Но там нас ждала машина, которая должна была отвезти в Нальчик, и я успокоился.
В Минеральных Водах нас действительно встретил Мурад, человек из Нальчика. Чем-то он был неуловимо похож на меня. «Борец», — догадался я, увидев сломанное ухо.
— Когда боролся? — спросил я.
— В семидесятых.
— Королева помнишь?
— Конечно! — обрадовался Мурад. — Значит, ты наш?
— Борцов бывших не бывает, — сказал я.
Мурад достал телефон и что-то сказал то ли на кабардинском, то ли на балкарском языке.
О борьбе в последнее время я стал вспоминать значительно чаще, чем прежде. С годами даже писатели становятся сентиментальными.
Мы сели в машину и поехали. В какой-то момент машина свернула с шоссе и поползла в горы.
«Неужели на родину Кешокова?» — подумал я.
— Это другая родина, — сказал Мурад. — Сейчас немного покушаем.
Машина остановилась у непритязательного сельского кафе. Мы вышли.
— Сейчас принесу, — сказала женщина, встречавшая нас у двери.
Она была настоящий работник общепита, по борцовской классификации — тяжеловес.
— Эта остановка входит в программу? — спросил меня Иванов.
— Нет, но ты ни о чем не пожалеешь, — сказал я.
Женщина вернулась с гигантским подносом в руках. На нем дымились только что поджаренные куски бараньей корейки. У нас в семье мы их называем «пистолетики».
— Здесь, наверное, двух баранов зарезали, — покачал головой Иванов.
— Трех, — усмехнулся я.
— Сейчас немножко выпьем, — сказал Мурад. — Все борцы — братья.
Мы выпили и принялись за корейку. Она была превосходна.
— На Кавказе умеют принять гостей, — сказал Геннадий Викторович, обсасывая косточку. — Но при чем здесь борцы? Мы ведь к писателю приехали.

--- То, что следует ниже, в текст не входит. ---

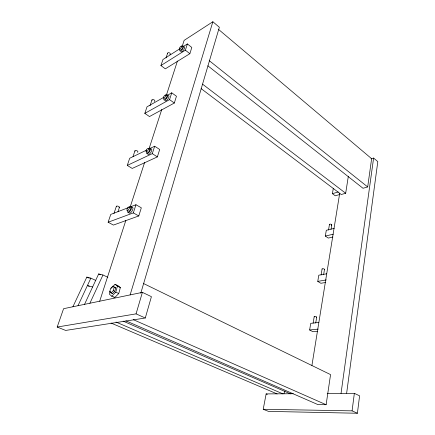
<?xml version="1.0" encoding="UTF-8"?>
<svg xmlns="http://www.w3.org/2000/svg" width="435" height="435" viewBox="0 0 435 435"><rect width="100%" height="100%" fill="white"/><g stroke="black" fill="none" stroke-linecap="round" stroke-linejoin="round"><path stroke-width="0.65" d="M182.754 46.871L182.7 47.991L181.58 49.59L180.514 50.052M166.948 95.792L166.861 97.059L165.697 98.707L164.626 99.071M130.783 207.723L130.609 209.36L129.353 211.111L128.271 211.214M293.277 393.729L266.133 393.909L263.218 409.275L268.504 411.385L357.407 413.25L359.593 395.834L354.351 393.332L327.207 393.512M357.407 413.25L352.084 410.857L354.351 393.332M346.646 393.18L377.808 161.63L373.605 158.063L371.071 158.884M341.035 393.419L373.605 158.063M207.87 65.81L363.002 188.273L367.684 186.93L371.631 158.704L218.473 29.357M125.949 320.845L318.007 404.637L326.125 404.713L330.562 374.6L143.501 283.511M201.111 88.62L341.274 194.51L345.678 193.249L348.348 176.202M311.917 365.482L339.719 193.183M315.723 322.966L316.675 317.158M323.613 274.73L324.477 269.439M331.057 229.218L331.764 224.895M313.129 323.134L314.195 316.685M321.101 274.953L322.085 268.999M328.528 230.044L329.447 224.487M317.512 331.258L312.89 331.709L309.638 329.975L310.748 323.341L318.839 322.449M325.478 282.505L320.856 283.277L317.757 281.385L318.79 275.208L326.685 273.794M332.916 237.015L328.294 238.075L325.331 236.064L326.299 230.289L334.194 228.38M339.762 194.499L335.254 195.799L332.416 193.678L333.319 188.273M110.289 291.303L109.462 294.272L111.773 296.23L114.742 297.583L118.744 293.533L120.359 287.546L117.988 285.67L115.057 284.294L111.11 288.334M114.753 291.319L115.683 287.926L112.877 286.165L110.631 288.465L109.691 291.841L112.491 293.625L114.753 291.319L113.263 290.629L111.001 292.94M111.773 296.23L115.775 292.157L117.412 286.159L115.057 284.294M113.263 290.629L114.204 287.231L112.877 286.165M145.29 318.007L151.418 296.659L142.392 292.363L63.581 308.692L57.192 327.044L65.674 330.431L145.29 318.007L136.063 313.863L57.192 327.044M136.063 313.863L142.392 292.363M140.771 293.223L219.36 27.264L212.862 21.75L184.13 40.379L182.249 46.186M130.114 294.908L212.862 21.75M128.39 207.642L110.762 214.411L108.125 222.231L113.432 225.069L138.77 215.956L141.332 207.81L135.948 204.738L129.652 207.158M146.742 150.037L129.684 158.264L127.27 165.409L132.24 168.437L157.361 156.899L159.694 149.482L154.664 146.214L149.792 148.563M163.495 97.494L147.019 106.82L144.806 113.377L149.477 116.553L174.321 103.03L176.452 96.249L171.738 92.829L167.616 95.162M179.427 49.008L162.962 59.513L160.923 65.554L165.322 68.839L189.85 53.69L191.808 47.469L187.371 43.935L183.396 46.469M108.125 222.231L133.338 212.911L135.948 204.738M127.27 165.409L152.288 153.653L154.664 146.214M144.806 113.377L169.563 99.626L171.738 92.829M160.923 65.554L185.381 50.172L187.371 43.935M99.686 301.21L125.813 220.507M129.994 207.593L144.627 162.402M149.015 148.841L161.766 109.457M166.36 95.254L177.442 61.036M117.967 211.801L119.462 207.31M113.975 213.449L116.341 206.391M133.001 156.611L134.921 150.885M150.031 105.738L151.951 100.006M166.045 57.893L167.616 53.2M283.968 393.583L284.909 391.06M89.887 303.238L102.965 274.985L107.864 277.312M84.537 304.348L98.663 273.947L102.965 274.985M77.995 305.707L90.866 278.15L95.787 280.439M72.911 306.757L86.826 277.095L90.866 278.15M332.416 193.678L338.212 191.982M149.047 149.346L149.694 149.194L149.569 150.635L148.357 152.332L147.28 152.576M325.331 236.064L333.253 234.209M317.757 281.385L326.337 279.928M309.638 329.975L318.224 329.11M263.218 409.275L352.084 410.857M92.59 287.013L87.419 285.534L89.273 286.382M266.133 393.909L267.291 394.393M111.012 323.02L277.155 393.936M116.009 322.058L283.011 393.903M123.11 321.117L290.493 393.865M133.284 319.638L326.125 404.713M109.691 291.841L110.68 292.298M115.775 292.157L118.744 293.533M86.826 277.095L89.284 278.237M114.204 287.231L115.683 287.926M117.412 286.159L120.359 287.546M98.663 273.947L100.501 274.817M133.338 212.911L138.77 215.956M152.288 153.653L157.361 156.899M169.563 99.626L174.321 103.03M202.579 84.178L345.678 193.249M185.381 50.172L189.85 53.69M209.202 60.623L367.684 186.93M111.61 292.891L112.491 293.625M113.812 296.795L114.742 297.583M184.277 46.839A2.985 1.071 -54.5 0 1 183.521 50.112A2.985 1.071 -54.5 0 1 180.835 51.444M167.709 53.701A1.435 0.892 22.6 0 1 168.345 52.668A1.435 0.892 22.6 0 1 170.134 53.429A1.435 0.892 22.6 0 1 169.802 54.593M181.863 46.605A2.985 1.071 -54.5 0 1 183.537 46.947A2.985 1.071 -54.5 0 1 181.074 50.59A2.985 1.071 -54.5 0 1 179.84 49.606M329.54 224.775A1.18 0.533 9.1 0 1 330.578 224.145A1.18 0.533 9.1 0 1 331.693 225.02M331.546 225.129A1.18 0.533 9.1 0 1 331.339 225.205M168.204 95.667A3.088 1.18 -55.9 0 1 167.953 98.952A3.088 1.18 -55.9 0 1 165.006 100.382M152.06 100.48A1.495 0.832 20.8 0 1 152.685 99.523A1.495 0.832 20.8 0 1 154.561 100.278A1.495 0.832 20.8 0 1 154.256 101.36M166.072 95.352A3.088 1.174 -55.9 0 1 167.725 95.994A3.088 1.174 -55.9 0 1 165.164 99.767A3.088 1.174 -55.9 0 1 163.968 98.457M322.096 269.129A1.218 0.478 9.7 0 1 323.553 268.786A1.218 0.478 9.7 0 1 324.26 269.64M150.608 149.042A3.214 1.294 -57.7 0 1 151.728 150.369A3.214 1.294 -57.7 0 1 149.586 153.898A3.214 1.294 -57.7 0 1 147.731 153.783M135.051 151.32A1.561 0.75 19.4 0 1 135.66 150.466A1.561 0.75 19.4 0 1 137.629 151.211A1.561 0.75 19.4 0 1 137.362 152.196M148.841 148.547A3.219 1.289 -57.7 0 1 150.461 149.553A3.219 1.289 -57.7 0 1 147.791 153.463A3.219 1.289 -57.7 0 1 146.644 151.766M314.309 316.919A1.261 0.408 10.3 0 1 314.722 316.468A1.261 0.408 10.3 0 1 316.316 316.772A1.261 0.408 10.3 0 1 316.457 317.327M132.631 207.348A3.371 1.419 -59.9 0 1 131.544 211.801A3.371 1.419 -59.9 0 1 128.803 212.296M131.827 207.316A3.371 1.419 -59.9 0 1 132.278 207.229M116.368 206.576A1.631 0.658 18 0 1 117.325 206.059A1.631 0.658 18 0 1 119.233 206.848A1.631 0.658 18 0 1 118.934 207.636M129.412 207.299A3.377 1.414 -59.9 0 1 131.609 207.805A3.377 1.414 -59.9 0 1 128.923 212.231A3.377 1.414 -59.9 0 1 127.667 210.17M181.629 45.99L181.58 47.11L180.454 48.709L179.389 49.177L179.448 48.051L180.563 46.463L181.629 45.99M165.757 94.939L165.67 96.206L164.501 97.853L163.429 98.223L163.522 96.951L164.68 95.314L165.757 94.939M148.422 148.373L148.297 149.819L147.084 151.516L146.008 151.766L146.138 150.32L147.345 148.634L148.422 148.373M129.423 206.951L129.249 208.593L127.988 210.35L126.906 210.453L127.091 208.811L128.341 207.065L129.423 206.951"/></g></svg>

— Это разминка, — объяснил Мурад. — На Кавказе борец — особенный гость.
Мне было приятно это слышать. Уж сорок лет прошло, как я в последний раз выходил на ковер. А он вот не отпускает. Хороша корейка. Да и водочка...
— Слушай, я ни в одной командировке столько не ел и не пил, — шепнул мне на ухо Иванов. — А что будет дальше?
— Поедем в Нальчик, — успокоил его Мурад. — Вечером выступление в театре, завтра — в родном селении Кешокова.
— Ты кем сейчас работаешь? — спросил я его.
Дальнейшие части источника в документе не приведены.